Fig. 2: Swap deployment

As an additional feature — aside from modifying the local network settings — the volumes and environment variables from the Kubernetes pod are also made available for the local environment. Telepresence [18] and the Visual Studio code plug-in Bridge to Kubernetes [19] are suitable tools for swap deployment.

Another consequence of this approach needs to be mentioned. Replacing the running pod with the proxy is transparent to all developers with access to the cluster. That is, when another developer sends a request to this (replaced) pod, it also ends up in their own local development environment. Meanwhile, both tools can compensate for this behaviour by running the proxy alongside the original pod. This way, requests from fellow developers are no longer routed to the local instance. Unfortunately, telepresence requires a commercial version of the tool to do this. Bridge to Kubernetes provides this in the open-source tool as well.

Local Kubernetes cluster

Normally, the Kubernetes clusters in the cloud, in the upstream stages, are based on the specifications required for the production stage. This means that the cloud clusters for the different stages are equipped with access restrictions (RBAC, security constraints) and have a network provider that controls the network accesses within the cluster. Other restrictions have also been carried over from the production stage.

“Just trying something out quickly” is difficult on such systems. Local Kubernetes clusters started on the developer’s computer are far more suitable for this. The developer has full access to this local Kubernetes and can easily try out a few things. Understanding how the Kubernetes cluster works behind the scenes is much easier now. Furthermore, skipping the CI/CD server for deployment can make the developer roundtrip faster. Provided you followed the advice from earlier in the article for the CI/CD part (use identical tools for CI/CD if possible). This is not to say that development should be limited to the local cluster, because the application must eventually be able to run on the productive stage in the cloud.

Local Kubernetes clusters are possible with Minikube [20], DockerDesktop [21], or Kind [22], to name a few. Meanwhile, there are quite a few more such clusters, some with specialisation for specific purposes. Your own Internet research will undoubtedly be beneficial in this case.

Branch deployment

The connection of GitOps with the cloud and the new CI/CD servers now allows for so-called branch deployment. Build pipelines can be used to deploy a personal Git branch in the cloud without colliding with the actual deployment from the main branch. This allows a developer to test his changes in the cloud without interfering with other colleagues. The trick here is to dynamically create a private Kubernetes namespace that is only used for the selected Git branch. Individual tests can be done here, and when they are completed, the temporary artefacts should be cleaned up automatically. When merging the private branch, the pipeline should also remove the associated private Kubernetes namespace.

STAY TUNED

Learn more about DevOpsCon

In conclusion

This small overview of the Dev(Ops) Experience can only demonstrate how broad the topic is. In comparison to previous developments, the complexity has skyrocketed, as have the demands on development teams. Existing or newly-formed (DevOps) teams must manage a multitude of new subtasks. The transition from traditional development to the cloud is often accompanied by a steep learning curve for development teams.
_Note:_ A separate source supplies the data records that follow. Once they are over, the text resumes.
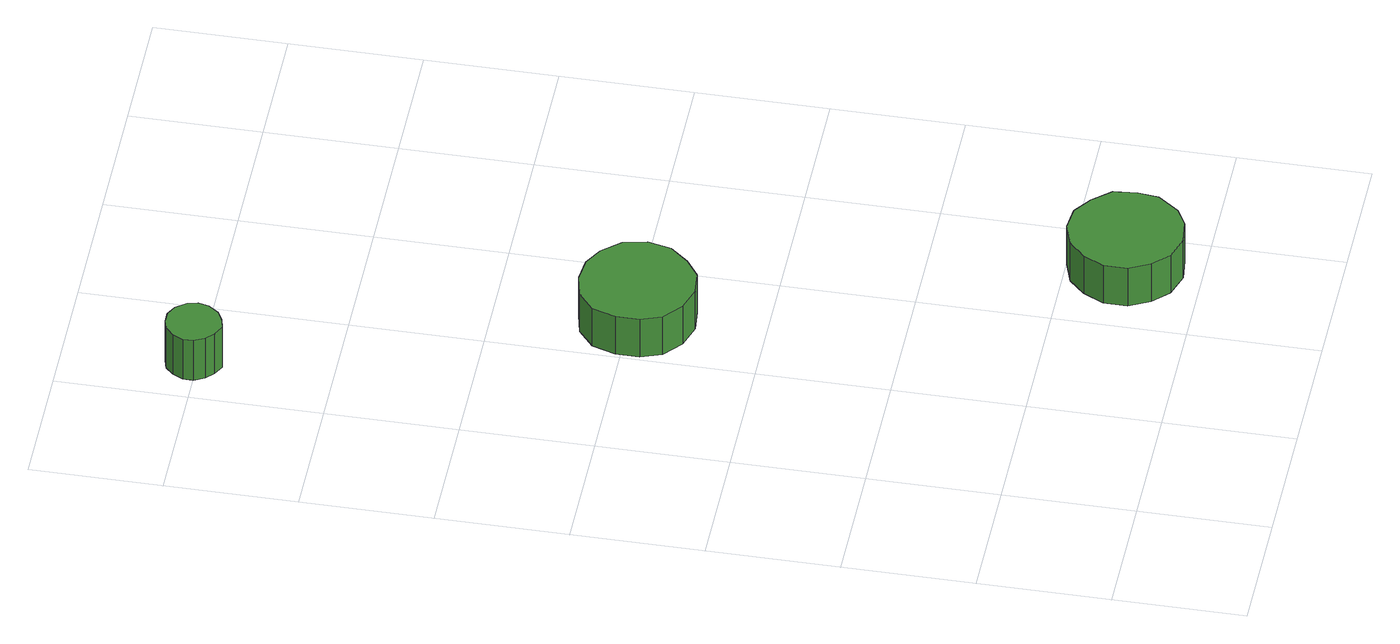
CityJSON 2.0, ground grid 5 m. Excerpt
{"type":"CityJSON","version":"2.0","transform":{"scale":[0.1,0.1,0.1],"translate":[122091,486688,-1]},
"CityObjects":{
"tree1":{"type":"SolitaryVegetationObject","attributes":{"function":"something"},"geometry":[{"type":"MultiSurface","lod":"1","boundaries":[[[0,1,2,3,4,5,6,7,8,9,10,11,12,13,14]],[[15,16,17,18,19,20,21,22,23,24,25,26,27,28,29]],[[0,29,28,1]],[[1,28,27,2]],[[2,27,26,3]],[[3,26,25,4]],[[4,25,24,5]],[[5,24,23,6]],[[6,23,22,7]],[[7,22,21,8]],[[8,21,20,9]],[[9,20,19,10]],[[10,19,18,11]],[[11,18,17,12]],[[12,17,16,13]],[[13,16,15,14]],[[14,15,29,0]]]}]},
"tree2":{"type":"SolitaryVegetationObject","attributes":{"function":"something"},"geometry":[{"type":"MultiSurface","lod":"1","boundaries":[[[30,31,32,33,34,35,36,37,38,39,40,41,42,43,44]],[[45,46,47,48,49,50,51,52,53,54,55,56,57,58,59]],[[30,59,58,31]],[[31,58,57,32]],[[32,57,56,33]],[[33,56,55,34]],[[34,55,54,35]],[[35,54,53,36]],[[36,53,52,37]],[[37,52,51,38]],[[38,51,50,39]],[[39,50,49,40]],[[40,49,48,41]],[[41,48,47,42]],[[42,47,46,43]],[[43,46,45,44]],[[44,45,59,30]]]}]},
"tree3":{"type":"SolitaryVegetationObject","attributes":{"function":"something"},"geometry":[{"type":"MultiSurface","lod":"1","boundaries":[[[60,61,62,63,64,65,66,67,68,69,70,71,72,73,74]],[[75,76,77,78,79,80,81,82,83,84,85,86,87,88,89]],[[60,89,88,61]],[[61,88,87,62]],[[62,87,86,63]],[[63,86,85,64]],[[64,85,84,65]],[[65,84,83,66]],[[66,83,82,67]],[[67,82,81,68]],[[68,81,80,69]],[[69,80,79,70]],[[70,79,78,71]],[[71,78,77,72]],[[72,77,76,73]],[[73,76,75,74]],[[74,75,89,60]]]}]},
"tree4":{"type":"SolitaryVegetationObject","attributes":{"function":"something"}},
"tree5":{"type":"SolitaryVegetationObject","attributes":{"function":"something"}}
},
"vertices":[
[31,352,27],[30,356,27],[27,360,27],[23,362,27],[19,362,27],[15,361,27],[12,358,27],[10,354,27],[10,350,27],[12,346,27],[15,343,27],[19,341,27],[23,342,27],[27,344,27],[30,348,27],[30,348,8],[27,344,8],[23,342,8],[19,341,8],[15,343,8],[12,346,8],[10,350,8],[10,354,8],[12,358,8],[15,361,8],[19,362,8],[23,362,8],[27,360,8],[30,356,8],[31,352,8],
[95,198,26],[93,207,26],[87,214,26],[80,218,26],[71,219,26],[62,217,26],[55,211,26],[52,202,26],[52,193,26],[55,185,26],[62,179,26],[71,176,26],[80,177,26],[87,182,26],[93,189,26],[93,189,8],[87,182,8],[80,177,8],[71,176,8],[62,179,8],[55,185,8],[52,193,8],[52,202,8],[55,211,8],[62,217,8],[71,219,8],[80,218,8],[87,214,8],[93,207,8],[95,198,8],
[154,28,26],[153,37,26],[147,44,26],[140,49,26],[131,50,26],[122,47,26],[116,41,26],[112,33,26],[112,24,26],[116,16,26],[122,10,26],[131,7,26],[140,8,26],[147,12,26],[153,20,26],[153,20,8],[147,12,8],[140,8,8],[131,7,8],[122,10,8],[116,16,8],[112,24,8],[112,33,8],[116,41,8],[122,47,8],[131,50,8],[140,49,8],[147,44,8],[153,37,8],[154,28,8]
]}

The switch to cloud development cannot succeed without the right tools. It is therefore not surprising that there has been a veritable explosion of tools in this area in recent years. From where we stand today, the transformation is far from complete.

In many cases, the use of new tools is required, leaving no stone unturned. Often, a completely new toolchain is created that must work in tandem and even deal with the replacement of individual components.

All of this adds up to a completely new Dev(Ops) experience for us, with new opportunities as well as new challenges. Whatever the case may be. In any case, it’s still exciting.